- Description of the task:
How many lines in the material below include the string "http"? Answer with the number only.

──────── Given information ────────

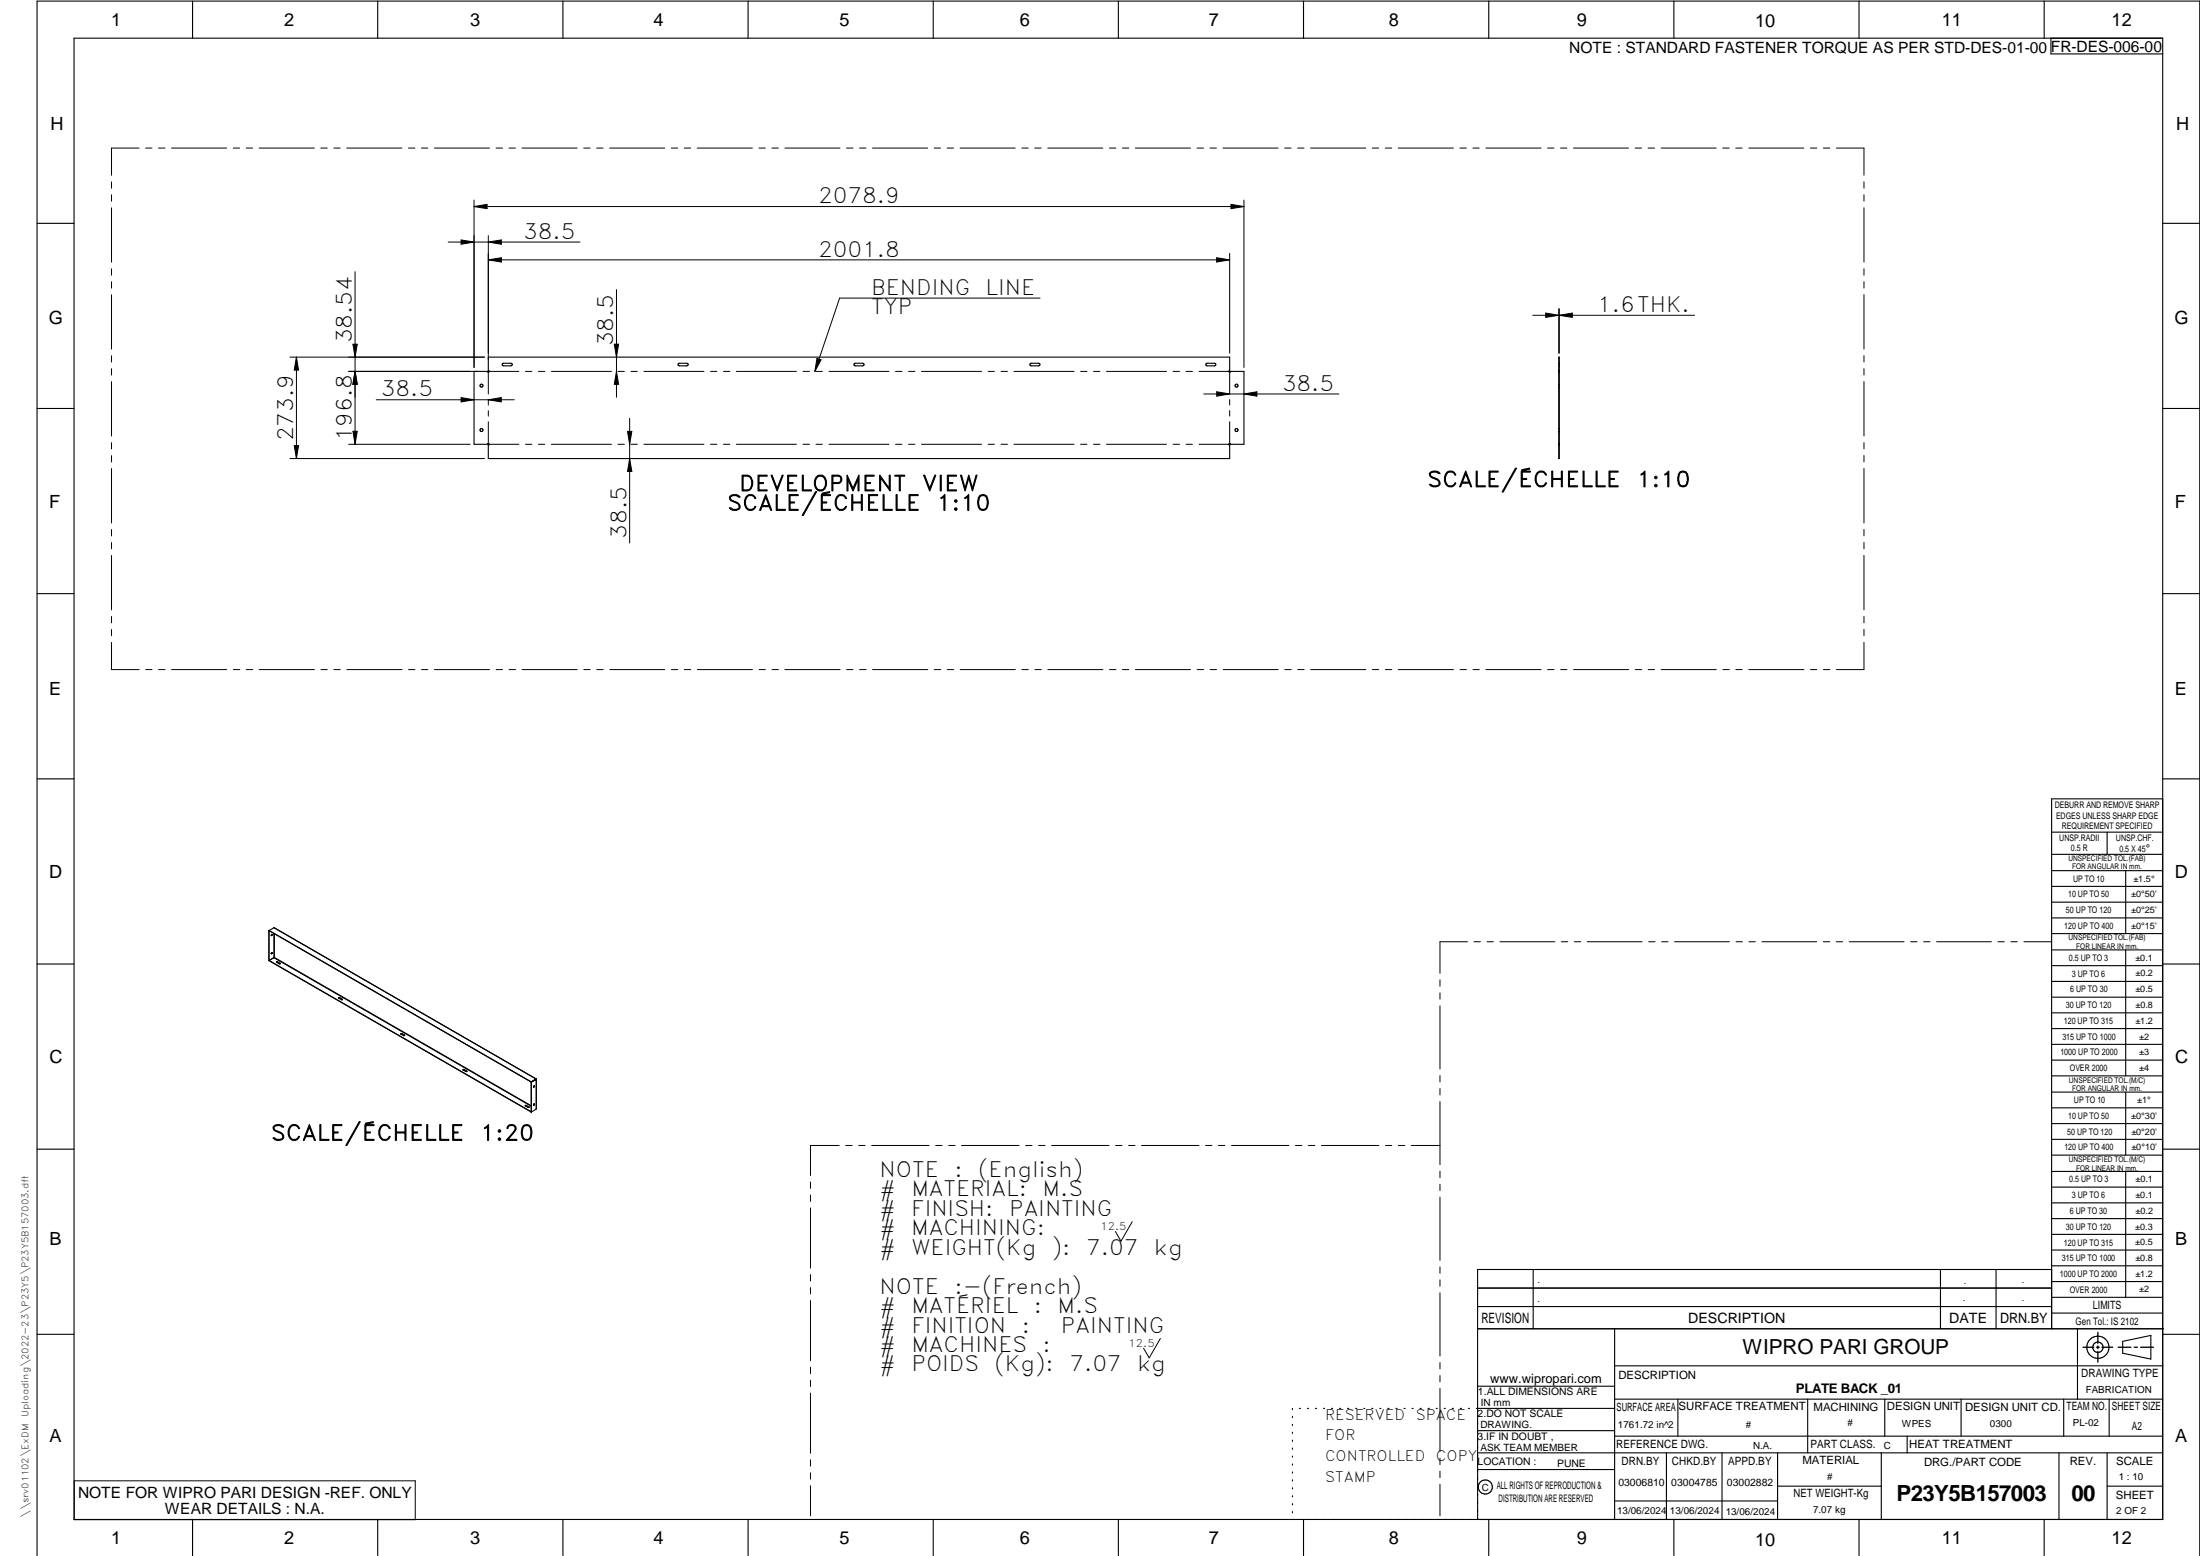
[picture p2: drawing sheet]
<svg xmlns="http://www.w3.org/2000/svg" width="594mm" height="420mm" viewBox="0 0 594 420" stroke-linecap="round" stroke-linejoin="round" font-family="sans-serif">
<g fill="none" stroke="#000" stroke-width=".3">
<path d="M20 10.3h564v400h-564zM52 .3v10M102 .3v10M152 .3v10M202 .3v10M252 .3v10M302 .3v10M352 .3v10M402 .3v10M452 .3v10M502 .3v10M552 .3v10"/>
<path d="M553.8 10.3v4.3h30.2M10 60.3h10M584 60.3h10M135.8 98.1h2.2l.3 .3-.3 .4h-2l-.3-.2zM183.1 98.3l.4-.2h2l.3 .3-.3 .4h-2l-.4-.2zM230.8 98.1h2.2l.3 .3-.3 .4h-2l-.4-.4zM278.3 98.1h2.2l.3 .3-.3 .4h-2l-.4-.4zM325.7 98.3l.3-.2h2l.3 .3-.3 .4h-2l-.3-.2zM420.9 96.4h.2v27.4h-.2zM10 110.3h10M128 100.3h3.7v.2h.3v-.4h-.1v-3.7h200.2v3.7h-.2v.4h.3v-.2h3.7v19.7h-3.7v-.2h-.3v.3h.2v3.7h-200.2v-3.7h.1v-.3h-.3v.2h-3.7zM420.9 100.3h.2"/>
<path d="M420.9 120h.2M420.9 100.1h.2M584 110.3h10M420.9 120.1h.2M10 160.3h10M584 160.3h10M10 210.3h10M584 215.7h-30v143.1M584 210.3h10M554 230.7h30M554 224.7h30M554 235.1h30"/>
<path d="M554 239.4h30M569 224.7v6M574 235.1v17M72.6 251.3l.1 8.1M72.6 251.3h.1M72.7 251.3h.1M72.7 251.2v8.2l70.7 40.9M72.7 259.4l70.7 40.8M72.7 251.2l70.7 41M72.7 251.2l-.1 .1M73.4 252.3l-.1 .3M73.4 257.2l-.1 .3"/>
<path d="M73.5 252.3l-.2 .3M73.5 257.2l-.2 .4M74 258.6l-1.3 .8M74 258.6h.1M74 258.5h.1M74 252.1v6.5M74 250.5h.1M74 250.5l-1.3 .7M74 258.6l69.4 40.1M74 250.5l70.8 40.8M74.1 258.5l-.1 .1M74.1 252.1v6.4"/>
<path d="M74.1 258.5l69.3 40.1M74.6 259.8l.8 .5 .2-.2M74.9 259.8l.7 .4M74.9 259.7l.7 .4M74.9 259.7l-.3 .1M74.9 259.7v.1M74.9 259.8h-.3M554 243.6h30M554 247.9h30M554 252.1h30M554 256.5h30M574 256.5v34"/>
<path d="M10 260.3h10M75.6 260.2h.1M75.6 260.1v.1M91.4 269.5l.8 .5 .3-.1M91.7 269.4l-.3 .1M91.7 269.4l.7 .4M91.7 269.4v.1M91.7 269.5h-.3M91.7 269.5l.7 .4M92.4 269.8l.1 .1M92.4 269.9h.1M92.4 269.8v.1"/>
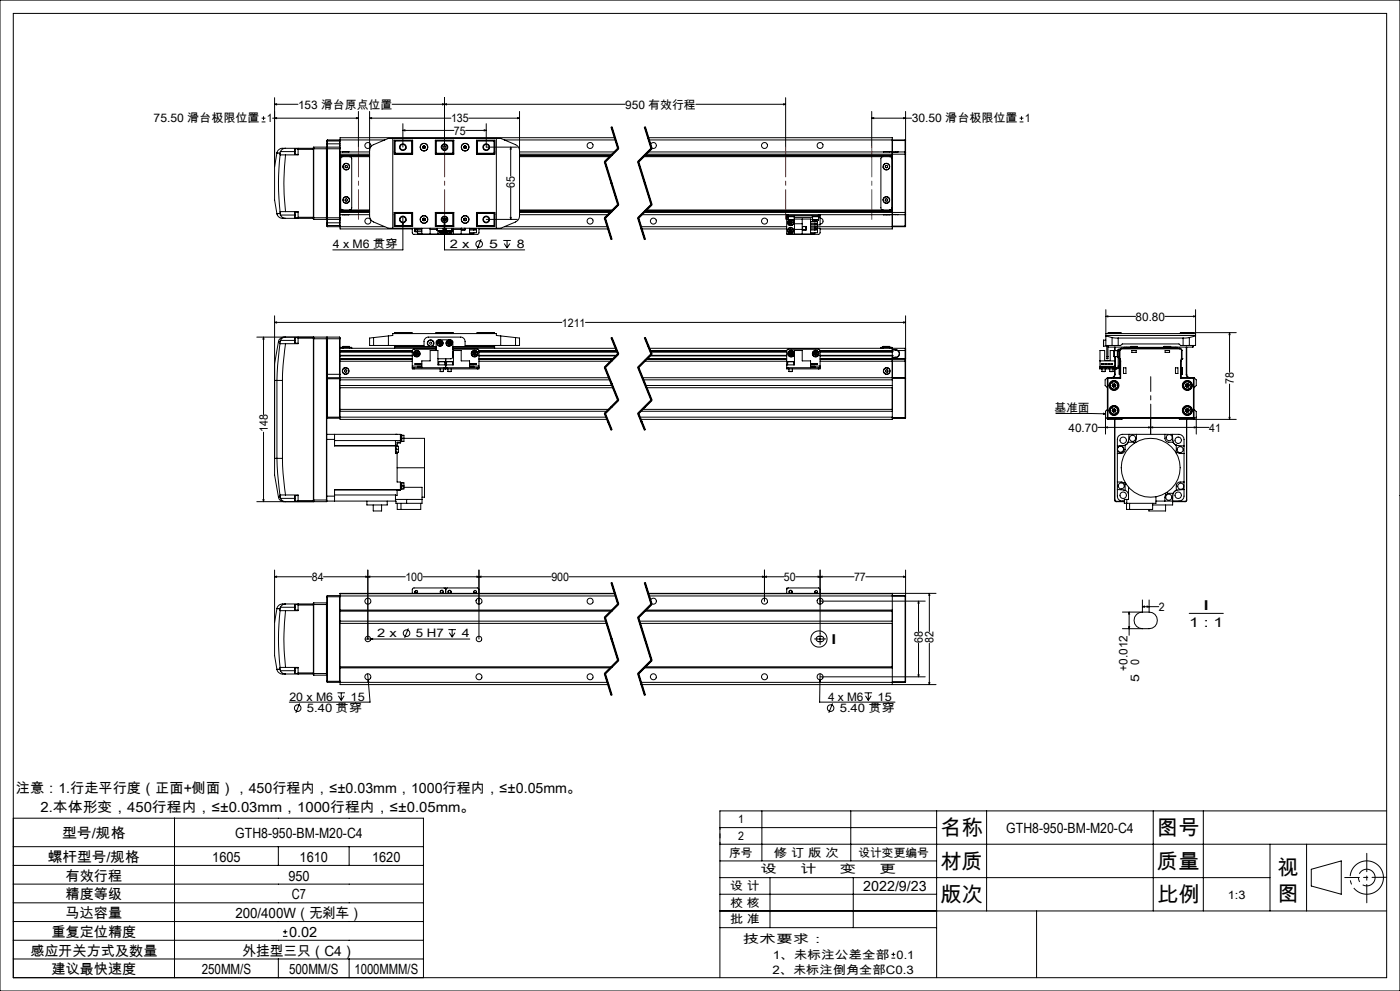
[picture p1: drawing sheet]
<svg xmlns="http://www.w3.org/2000/svg" width="420mm" height="297mm" viewBox="0 0 420 297" stroke-linecap="round" stroke-linejoin="round" font-family="sans-serif">
<g fill="none" stroke="#000" stroke-width=".3">
<path d="M0 0h420v297h-420zM4 4h412v289h-412zM78.5 36.5h1.1M78.5 35.4h1.1M79.1 34.9v1.1M81.8 35.4h25.7M82.4 31.3l.6-.2v.3zM82.4 35.4l.6-.1v.3zM82.4 29.3v20.6M82.4 31.3h7M106.9 35.3l.6 .1-.6 .2zM107.5 33.4v10.7"/>
<path d="M110.9 35.4l.6-.1v.3zM110.9 33.4v31.6l.3 .8 .9 .7 4.4 1.9h33.7l4.5-1.9 .6-.4 .4-.7 .2-.7v-31.3M110.9 35.4h24.4M117.7 31.3h69.8M120.9 39.1l.6-.2v.3zM120.9 37.1v7M120.9 39.1h15.3M132.8 31.1l.5 .2-.5 .1zM133.3 31.3l.6-.2v.3zM133.3 29.3v14.8M139.7 39.1h6.2M140.6 35.4h15.3"/>
<path d="M145.3 38.9l.6 .2-.6 .1zM145.9 37.1v7h9.3M155.3 35.3l.6 .1-.6 .2zM183.3 38.1l2 6.5M183.5 38.1l2 6.4-4 4 4 12.8-4 4 2 6.5M183.6 38l1 3.2M193.3 38.1l2 6.5M193.5 38.1l2 6.4-4 4 4 12.8-4 4 2 6.5M193.6 38l2 6.4M208.7 31.3h27M235.1 31.1l.6 .2-.6 .1zM235.7 29.3v14.8"/>
<path d="M261.5 35.4l.6-.1v.3zM261.5 35.4h12M261.5 33.4v10.7M271.1 35.3l.6 .1-.6 .2zM271.7 33.4v12.3M305.9 36.5h1.1M305.9 35.4h1.1M306.5 34.9v1.1M82.4 49.9v10l.7 4.2M83.1 45.8h.1M83.1 45.8l.9 .1M83.1 45.8l-.7 4.1"/>
<path d="M84 45.9v.5M84 46.4a75 75 0 0 0 0 17.1M84 46.4h1.7M84.1 45.4l-.1 .5M84.1 45.4h4.3M85.7 44.4h-.3a1.84 1.84 0 0 0-2.3 1.4M85.7 46.4a73.4 73.4 0 0 0 0 17M85.7 44.4a1.66 1.66 0 0 0-1.6 1M85.7 44.4h8.3M88.4 45.4l.1 .9M88.5 44.6l-.1 .8M88.5 44.6v1.7"/>
<path d="M88.5 44.6h.9M88.5 46.3h.9M89.4 44.4v.4M89.4 44.8v1.6h-3.7M89.4 44.8h4.6M94 44.8v20.3M94 44.6h8M94.1 44.1l-.1 .7M94.1 44.1v21.7M94.1 44.1h3.8M97.9 44.1v21.7M97.9 44.1l.1 .1"/>
<path d="M98 44.2v21.5M98 43.1v1.1M98 42.3h4M98 43.1h4M98.2 44.1v21.7M98.2 41.9v2.2M98.2 44.1h3.6M98.2 41.9l-.2 1.2M98.2 41.9h3.6M98.2 44.1l-.2 .2M101.8 44.1v21.7M101.8 41.9v2.2"/>
<path d="M101.8 44.1l.2 .2M101.8 41.9l.2 .2M102 44.3v.3M102 44.6v20.7M102 47h8.9M102 45.5h8.9M102 46.6h8.9M102 41.9h13.4M102 46.2h8.9M102.7 45.5h2M102.9 47l-.5 .1-.2 .4v14.9l.2 .4 .5 .1M103.5 49.7l.4-.1 .3 .2v.4l-.4 .1-.3-.2z"/>
<path d="M103.6 59.7l.4-.2 .2 .3-.1 .4-.3 .1-.3-.3zM104.8 47l.5 .1 .2 .4v14.9l-.2 .4-.5 .1M110.9 45.2l.3-1.1 .5-.6 4.8-2h33.7l4.8 2 .5 .6 .4 1.1M117.8 41.5v26.9M118.3 45.5h.1M118.3 42h5.5v4.2h-5.5zM118.4 42.3v3.9M118.4 42.3h5.1M118.5 42.1v4M118.5 42.1h5.3M118.5 42.1l-.1 .2M118.5 46.1h5.3"/>
<path d="M123.5 42.3l.2-.2v4l-.2-.2M123.5 45.9h-5.1l.1 .2M123.5 42.3v3.6M126.9 44.3l.3 .2M126.9 43.9v.4M127.2 43.7l.3 .2M127.2 43.7l-.3 .2M127.5 44.3l-.3 .2M127.5 43.9v.4M130.6 42h5.5v4.2h-5.5zM130.6 42.1h5.5M130.6 46.1h5.5"/>
<path d="M130.8 42.3v3.6M130.8 42.3l-.1-.2v4l.1-.2M130.8 42.3h5.1M130.8 45.9h5.1M135.9 42.3l.1-.2v4l-.1-.2M135.9 42.3v3.6M139.2 44.3l.3 .2M139.2 43.9v.4M139.5 43.7l.4 .2M139.5 43.7l-.3 .2M139.9 44.3l-.4 .2M139.9 43.9v.4"/>
<path d="M142.9 42h5.5v4.2h-5.5zM142.9 42.1h5.3M142.9 46.1h5.3M143.2 42.3v3.6M143.2 42.3l-.2-.2v4l.2-.2M143.2 42.3h5.2M143.2 45.9h5.2l-.2 .2M148.2 42.1v4M148.2 42.1l.2 .2M148.4 42.3v3.9M148.4 45.5h.1M148.9 41.5v26.9"/>
<path d="M151.3 41.9h33.3M153.2 44.1l.2 .6h-.3zM153.2 44.1v8.7M153.2 56.3v9.5M155.9 47h27.1M155.9 45.5h28.5M155.9 46.6h27.4M155.9 46.2h27.9M155.9 46.6h27.5M181.3 48.6l4 12.8M181.6 48.4l4 12.9M184.4 41.3h-82.4v3"/>
<path d="M184.6 41.2l1 3.2zM185.3 44.4l-4 4M185.6 44.6l-4 4M191.3 48.6l4 12.8M191.6 48.4l4 12.9M193 47h74.7M193.3 46.6h74.4M193.4 46.6h74.3M193.7 46.2h77.8M194.4 41.3h73.3v4.9M194.4 45.5h74.3M194.6 41.9h76.9"/>
<path d="M195.1 43.5a.89 .89 0 0 1 1.2-.8 .89 .89 0 0 1 .4 1.4 .89 .89 0 0 1-1.4 .1M195.3 44.4l-4 4M195.6 44.6l-4 4M264.9 47l-.5 .1-.1 .4v14.9l.1 .4 .5 .1M265.6 49.7l.4-.1 .3 .2-.1 .4-.3 .1-.3-.2zM265.7 59.7l.4-.1 .2 .3-.1 .4h-.4l-.3-.3zM266.9 47l.5 .1 .2 .4v14.9l-.2 .4-.5 .1M267 45.5h-2M267 45.5h.1M267.7 46.2v17.5M267.7 42.1h3.8M268.7 45.6h-1v.6"/>
<path d="M268.7 45.5h.7M268.7 45.5v.1M269.4 45.5l-.7 .1M269.4 45.5h2.1M271.5 46.2h.2M271.5 45.5v.7M271.5 45.5l.2 .2M271.5 41.9v.2M271.5 42.1v3.4M271.5 46.2v17.5M271.7 45.7v.5M271.7 46.2v17.5"/>
<path d="M83.1 64.1a2.16 2.16 0 0 0 2.6 1.3M83.1 64.1h.1M84 64l.1 .4M84 64l-.9 .1M84 63.5v.5M84.1 64.4v.1a1.71 1.71 0 0 0 1.6 .9M84.1 64.4h4.3M85.7 63.4l-1.7 .1M85.7 63.4h3.7v1.7M85.7 65.4h8.3M88.4 64.4l.1 .9M88.5 63.6l-.1 .8"/>
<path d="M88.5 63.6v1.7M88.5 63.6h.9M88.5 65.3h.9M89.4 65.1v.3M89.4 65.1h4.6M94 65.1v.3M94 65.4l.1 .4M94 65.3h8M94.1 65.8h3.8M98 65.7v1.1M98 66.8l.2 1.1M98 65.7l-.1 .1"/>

────────

- Reply to the exercise:
2